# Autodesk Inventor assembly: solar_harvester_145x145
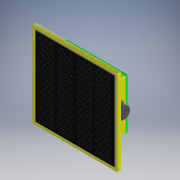
[picture p0: Inventor's stored thumbnail of the model, 180x180]
Saved by Autodesk Inventor 2018 (Build 220112000, 112)
## iProperties
Created: 2019-03-28
Part Number: solar_harvester_145x145
Document SubType Name: Assembly
Designer: ZEUSLAP
Author: ZEUSLAP
## Documents named in this file (12)
- C:\Users\ZEUSLAP\YandexDisk\Inventor\solar_harvester_145x145\solar_harvester_145x145.iam
- C:\Users\ZEUSLAP\YandexDisk\Inventor\solar_harvester_145x145\parts\18650 Battery Holder.ipt
- C:\Users\ZEUSLAP\YandexDisk\Inventor\solar_harvester_145x145\parts\18650 Battery.ipt
- C:\Users\ZEUSLAP\YandexDisk\Inventor\solar_harvester_145x145\parts\Solar Panel 145 x 145 mm.ipt
- C:\Users\ZEUSLAP\YandexDisk\Inventor\solar_harvester_145x145\parts\CN3065 Solar Charger board\CN3065 Solar Charger board.iam
- C:\Users\ZEUSLAP\YandexDisk\Inventor\solar_harvester_145x145\enclosure\solar_panel_back_lid.ipt
- C:\Users\ZEUSLAP\Documents\Inventor\Content Center Files\R2018\en-US\Screw F-Z GOST R ISO 7049-93\Screw ST2.9x9.5-F-Z GOST R ISO 7049-93.ipt
- C:\Users\ZEUSLAP\YandexDisk\Inventor\solar_harvester_145x145\enclosure\solar_board_holder.ipt
- C:\Users\ZEUSLAP\YandexDisk\Inventor\solar_harvester_145x145\enclosure\enclosure_with_bracket.iam
- C:\Users\ZEUSLAP\YandexDisk\Inventor\SP16 waterproof connector\SP16-4P, female, back nut type.iam
- C:\Users\ZEUSLAP\YandexDisk\Inventor\SP16 waterproof connector\parts\nut.ipt
- C:\Users\ZEUSLAP\YandexDisk\Inventor\SP16 waterproof connector\parts\rubber_washer.ipt
## Components (19 placed, 11 different names)
1. 18650 Battery:1 — Mate:5, Mate:6, Angle:2, Angle:5
2. Solar Panel 145 x 145 mm:1 — Mate:7, Mate:14, Mate:15
3. CN3065 Solar Charger board:1 [sub-assembly] — Mate:21, Angle:6, Mate:26, Mate:27
4. solar_panel_back_lid:1 — Mate:16, Mate:17, Mate:18, Mate:19, Angle:5, Mate:20, Mate:21, Angle:6, Mate:24, Mate:25, Mate:26, Mate:27, Rotational:3, Rotational:4, Rotational:5, Rotational:6, Rotational:7, Rotational:8, Mate:34
5. Screw F-Z GOST R ISO 7049-93 ST2.9x9.5:9 — Mate:35, Mate:38
6. solar_board_holder:1 — Mate:24, Mate:25, Mate:34, Mate:35, Mate:36, Mate:37, Mate:38
7. 18650 Battery Holder:1 — Mate:5, Mate:6, Angle:2, Mate:19, Mate:20, Rigid:1
8. enclosure_with_bracket:1 [sub-assembly] — Mate:7, Angle:4, Mate:11, Mate:12, Mate:13, Mate:14, Mate:15, Mate:16, Mate:17, Mate:18, Mate:30, Mate:31, Mate:32
9. Screw F-Z GOST R ISO 7049-93 ST2.9x9.5:10 — Rotational:5
10. Screw F-Z GOST R ISO 7049-93 ST2.9x9.5:11 — Rotational:6
11. Screw F-Z GOST R ISO 7049-93 ST2.9x9.5:12 — Mate:36, Mate:37
12. Screw F-Z GOST R ISO 7049-93 ST2.9x9.5:13 — Rotational:7
13. Screw F-Z GOST R ISO 7049-93 ST2.9x9.5:14 — Rotational:8
14. Screw F-Z GOST R ISO 7049-93 ST2.9x9.5:15 — Rigid:1
15. Screw F-Z GOST R ISO 7049-93 ST2.9x9.5:16 — Rotational:3
16. Screw F-Z GOST R ISO 7049-93 ST2.9x9.5:17 — Rotational:4
17. SP16-4P, female, back nut type:1 [sub-assembly] — Mate:28, Mate:29, Mate:31, Mate:33
18. nut:1 — Mate:32, Mate:33
19. rubber_washer:1 — Mate:28, Mate:29, Mate:30
## Relationships (40: Mate 29, RevoluteJoint 6, Angle 4, WeldJoint 1)
- Mate:5: 18650 Battery:1 ↔ 18650 Battery Holder:1
- Mate:6: 18650 Battery:1 ↔ 18650 Battery Holder:1
- Angle:2 (270 deg): 18650 Battery:1 ↔ 18650 Battery Holder:1
- Mate:7: Solar Panel 145 x 145 mm:1 ↔ enclosure_with_bracket:1
- Angle:4 (0 deg): enclosure_with_bracket:1
- Mate:11: enclosure_with_bracket:1
- Mate:12: enclosure_with_bracket:1
- Mate:13 (85 mm): enclosure_with_bracket:1
- Mate:14 (0.5 mm): Solar Panel 145 x 145 mm:1 ↔ enclosure_with_bracket:1
- Mate:15 (0.5 mm): Solar Panel 145 x 145 mm:1 ↔ enclosure_with_bracket:1
- Mate:16: solar_panel_back_lid:1 ↔ enclosure_with_bracket:1
- Mate:17: solar_panel_back_lid:1 ↔ enclosure_with_bracket:1
- Mate:18: solar_panel_back_lid:1 ↔ enclosure_with_bracket:1
- Mate:19: solar_panel_back_lid:1 ↔ 18650 Battery Holder:1
- Angle:5 (0 deg): 18650 Battery:1 ↔ solar_panel_back_lid:1
- Mate:20: solar_panel_back_lid:1 ↔ 18650 Battery Holder:1
- Mate:21: CN3065 Solar Charger board:1 ↔ solar_panel_back_lid:1
- Angle:6 (180 deg): CN3065 Solar Charger board:1 ↔ solar_panel_back_lid:1
- Mate:24: solar_panel_back_lid:1 ↔ solar_board_holder:1
- Mate:25: solar_panel_back_lid:1 ↔ solar_board_holder:1
- Mate:26 (0.5 mm): CN3065 Solar Charger board:1 ↔ solar_panel_back_lid:1
- Mate:27 (1 mm): CN3065 Solar Charger board:1 ↔ solar_panel_back_lid:1
- Rotational:3 [RevoluteJoint]: solar_panel_back_lid:1 ↔ Screw F-Z GOST R ISO 7049-93 ST2.9x9.5:16
- Rigid:1 [WeldJoint]: 18650 Battery Holder:1 ↔ Screw F-Z GOST R ISO 7049-93 ST2.9x9.5:15
- Rotational:4 [RevoluteJoint]: solar_panel_back_lid:1 ↔ Screw F-Z GOST R ISO 7049-93 ST2.9x9.5:17
- Rotational:5 [RevoluteJoint]: solar_panel_back_lid:1 ↔ Screw F-Z GOST R ISO 7049-93 ST2.9x9.5:10
- Rotational:6 [RevoluteJoint]: solar_panel_back_lid:1 ↔ Screw F-Z GOST R ISO 7049-93 ST2.9x9.5:11
- Rotational:7 [RevoluteJoint]: solar_panel_back_lid:1 ↔ Screw F-Z GOST R ISO 7049-93 ST2.9x9.5:13
- Rotational:8 [RevoluteJoint]: solar_panel_back_lid:1 ↔ Screw F-Z GOST R ISO 7049-93 ST2.9x9.5:14
- Mate:28: SP16-4P, female, back nut type:1 ↔ rubber_washer:1
- Mate:29: SP16-4P, female, back nut type:1 ↔ rubber_washer:1
- Mate:30: enclosure_with_bracket:1 ↔ rubber_washer:1
- Mate:31: enclosure_with_bracket:1 ↔ SP16-4P, female, back nut type:1
- Mate:32: enclosure_with_bracket:1 ↔ nut:1
- Mate:33: SP16-4P, female, back nut type:1 ↔ nut:1
- Mate:34: solar_panel_back_lid:1 ↔ solar_board_holder:1
- Mate:35: Screw F-Z GOST R ISO 7049-93 ST2.9x9.5:9 ↔ solar_board_holder:1
- Mate:36: solar_board_holder:1 ↔ Screw F-Z GOST R ISO 7049-93 ST2.9x9.5:12
- Mate:37: solar_board_holder:1 ↔ Screw F-Z GOST R ISO 7049-93 ST2.9x9.5:12
- Mate:38: Screw F-Z GOST R ISO 7049-93 ST2.9x9.5:9 ↔ solar_board_holder:1
####################
- Problem to solve: Please, from the material above, copy only the lines from the line with "17. SP16-4P, female, back" up to and including the line with "- Mate:6: 18650", exactly as written.

- Written answer:
17. SP16-4P, female, back nut type:1 [sub-assembly] — Mate:28, Mate:29, Mate:31, Mate:33
18. nut:1 — Mate:32, Mate:33
19. rubber_washer:1 — Mate:28, Mate:29, Mate:30
## Relationships (40: Mate 29, RevoluteJoint 6, Angle 4, WeldJoint 1)
- Mate:5: 18650 Battery:1 ↔ 18650 Battery Holder:1
- Mate:6: 18650 Battery:1 ↔ 18650 Battery Holder:1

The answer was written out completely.